Of course, the cost of groceries pales in comparison to the cost of college. You might have to choose between paying for college v. achieving FIRE. A four-year, private college degree can run over $300,000 which is enough to fund a universal basic income plan for yourself! Putting that money into a retirement account for our kids instead of the college degree could mean millions of dollars at their retirement age.

Our oldest got a full tuition scholarship and lived mostly at home while getting her college degree, so we didn’t have to make any choices there. But our youngest opted for private college, and while she got some money, her out-of-pocket expenses will add up to over $100,000 over the four years. We have co-signed on student loans to cover the out-of-pocket, and our intention is to pay off those loans for her if it doesn’t derail our own financial plans to do so. After all, you can borrow for education but not retirement!

Are you paying for your children’s college?

Starting out costs after college might still be a factor if your child doesn’t find a job right away

After college, our youngest intends (for right now at least) to live in the Midwest, near where she is currently going to school. Hopefully, she gets a job that enables her to rent or even buy her first place.
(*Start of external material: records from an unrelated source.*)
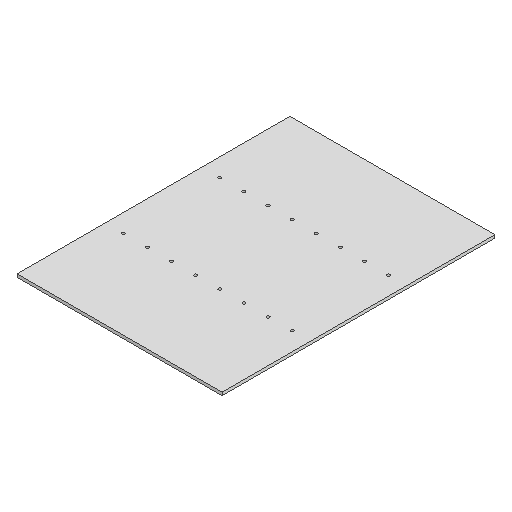
# Autodesk Inventor part: MotorAttachementPlate
Saved by Autodesk Inventor 2024 (Build 280153000, 153)
## iProperties
Created: 2024-02-14
Part Number: MotorAttachementPlate
Material: Generic
Document SubType Name: Modeling
Designer: seene
Density: 1 g/cm^3
Appearance: Default
Author: seene
Autodesk Inventor part; units mm, degrees
ref_plane "YZ Plane" through (0, 0, 0) normal (1, 0, 0) x (0, 1, 0)
ref_plane "XZ Plane" through (0, 0, 0) normal (0, 1, 0) x (-1, 0, 0)
ref_plane "XY Plane" through (0, 0, 0) normal (0, 0, 1) x (1, 0, 0)
sketch "Sketch1" plane through (0, 0, 0) normal (0, 1, 0) x (-1, 0, 0)
  line L0 (-215.9, 287.3375) -> (215.9, 287.3375)
  line L1 (215.9, 287.3375) -> (215.9, -287.3375)
  line L2 (215.9, -287.3375) -> (-215.9, -287.3375)
  line L3 (-215.9, -287.3375) -> (-215.9, 287.3375)
  line L4 (-215.9, 287.3375) -> (215.9, -287.3375) construction
  line L5 (215.9, 287.3375) -> (-215.9, -287.3375) construction
  line L6 (330.2, 88.9) -> (-330.2, 88.9) construction
  line L7 (-330.2, 88.9) -> (-330.2, 114.3) construction
  line L8 (-330.2, 114.3) -> (330.2, 114.3) construction
  line L9 (330.2, 114.3) -> (330.2, 88.9) construction
  circle A0 centre (228.6, 101.6) radius 3.175
  line L10 (330.2, 101.6) -> (228.6, 101.6) construction
  line L11 (215.9, 0) -> (-215.9, 0) construction
  circle A1 centre (177.8, 101.6) radius 3.175
  circle A2 centre (127, 101.6) radius 3.175
  circle A3 centre (76.2, 101.6) radius 3.175
  circle A4 centre (25.4, 101.6) radius 3.175
  circle A5 centre (-25.4, 101.6) radius 3.175
  circle A6 centre (-76.2, 101.6) radius 3.175
  circle A7 centre (-127, 101.6) radius 3.175
  circle A8 centre (-177.8, 101.6) radius 3.175
  circle A9 centre (-228.6, 101.6) radius 3.175
  line L12 (330.2, -88.9) -> (-330.2, -88.9) construction
  line L13 (-330.2, -88.9) -> (-330.2, -114.3) construction
  line L14 (-330.2, -114.3) -> (330.2, -114.3) construction
  line L15 (330.2, -114.3) -> (330.2, -88.9) construction
  circle A10 centre (228.6, -101.6) radius 3.175
  circle A11 centre (177.8, -101.6) radius 3.175
  circle A12 centre (127, -101.6) radius 3.175
  circle A13 centre (76.2, -101.6) radius 3.175
  circle A14 centre (25.4, -101.6) radius 3.175
  circle A15 centre (-25.4, -101.6) radius 3.175
  circle A16 centre (-76.2, -101.6) radius 3.175
  circle A17 centre (-127, -101.6) radius 3.175
  circle A18 centre (-177.8, -101.6) radius 3.175
  circle A19 centre (-228.6, -101.6) radius 3.175
  point P0 (0, 0)
  point P1 (-330.2, 101.6)
  dimension "d0" = 431.8
  dimension "d4" = 25.4
  dimension "d7" = 114.3
  dimension "d8" = 6.35
  dimension "d9" = 101.6
  dimension "d10" = 660.4
  dimension "d11" = 330.2
  dimension "d16" = 50.8
  dimension "d22" = 173.0375
  constraints: 32 end point, 20 centre point, 14 symmetric about line, 6 midpoint, 4 horizontal, 4 parallel, 2 perpendicular, 28 other
  measures "d0" distance of L1.end L2.end
  measures "d4" distance of L6.end L7.end
  measures "d7" distance from line of point (0, 0) L8
  measures "d8" diameter of A0
  measures "d9" distance of L10.end L10.start
  measures "d10" distance from line of point (-330.2, 101.6) L9
  measures "d11" distance from line of L9 point (0, 0)
  measures "d16" distance of L10.end A1.centre
  measures "d22" distance between parallel lines of L0 L8
extrude "Extrusion1" add sketch "Sketch1" along normal blind 6.35 contours L0 L1 L2 L3
equation "\"d7\" = 0.5 * d6"
equation "\"d11\" = 0.5 * d10"
equation "\"d6\" = 228.6"
body "Solid1"

But what if she doesn’t land a job right away? She has a work-study job right now, but the pay is minimal and not likely to contribute significant, if any, savings for after-college expenses.

Summer internships are where you can pull in the bigger dollars (I did an investment banking internship during one of my college summers that paid more than what my mom was even making). However, the pandemic slowed down this year’s summer internship hiring. Also slowing is full-time hiring of new and recent graduates. While our youngest has three more school years before entering the full-time market, who knows how strong the job market will be then?

Our oldest had been going down the entrepreneurial route, covering her day-to-day expenses with babysitting jobs while building her business. Then shelter in place abruptly ended both her high-touch, in-person business and babysitting gigs. We have the space in our NY apartment for her to live, but now that we’re in Florida, we don’t technically need the NY apartment anymore. We could sell it and pad our retirement account. But she is living there now, so effectively we’re still supporting her post-college.

How much help are you giving for the post-college launch?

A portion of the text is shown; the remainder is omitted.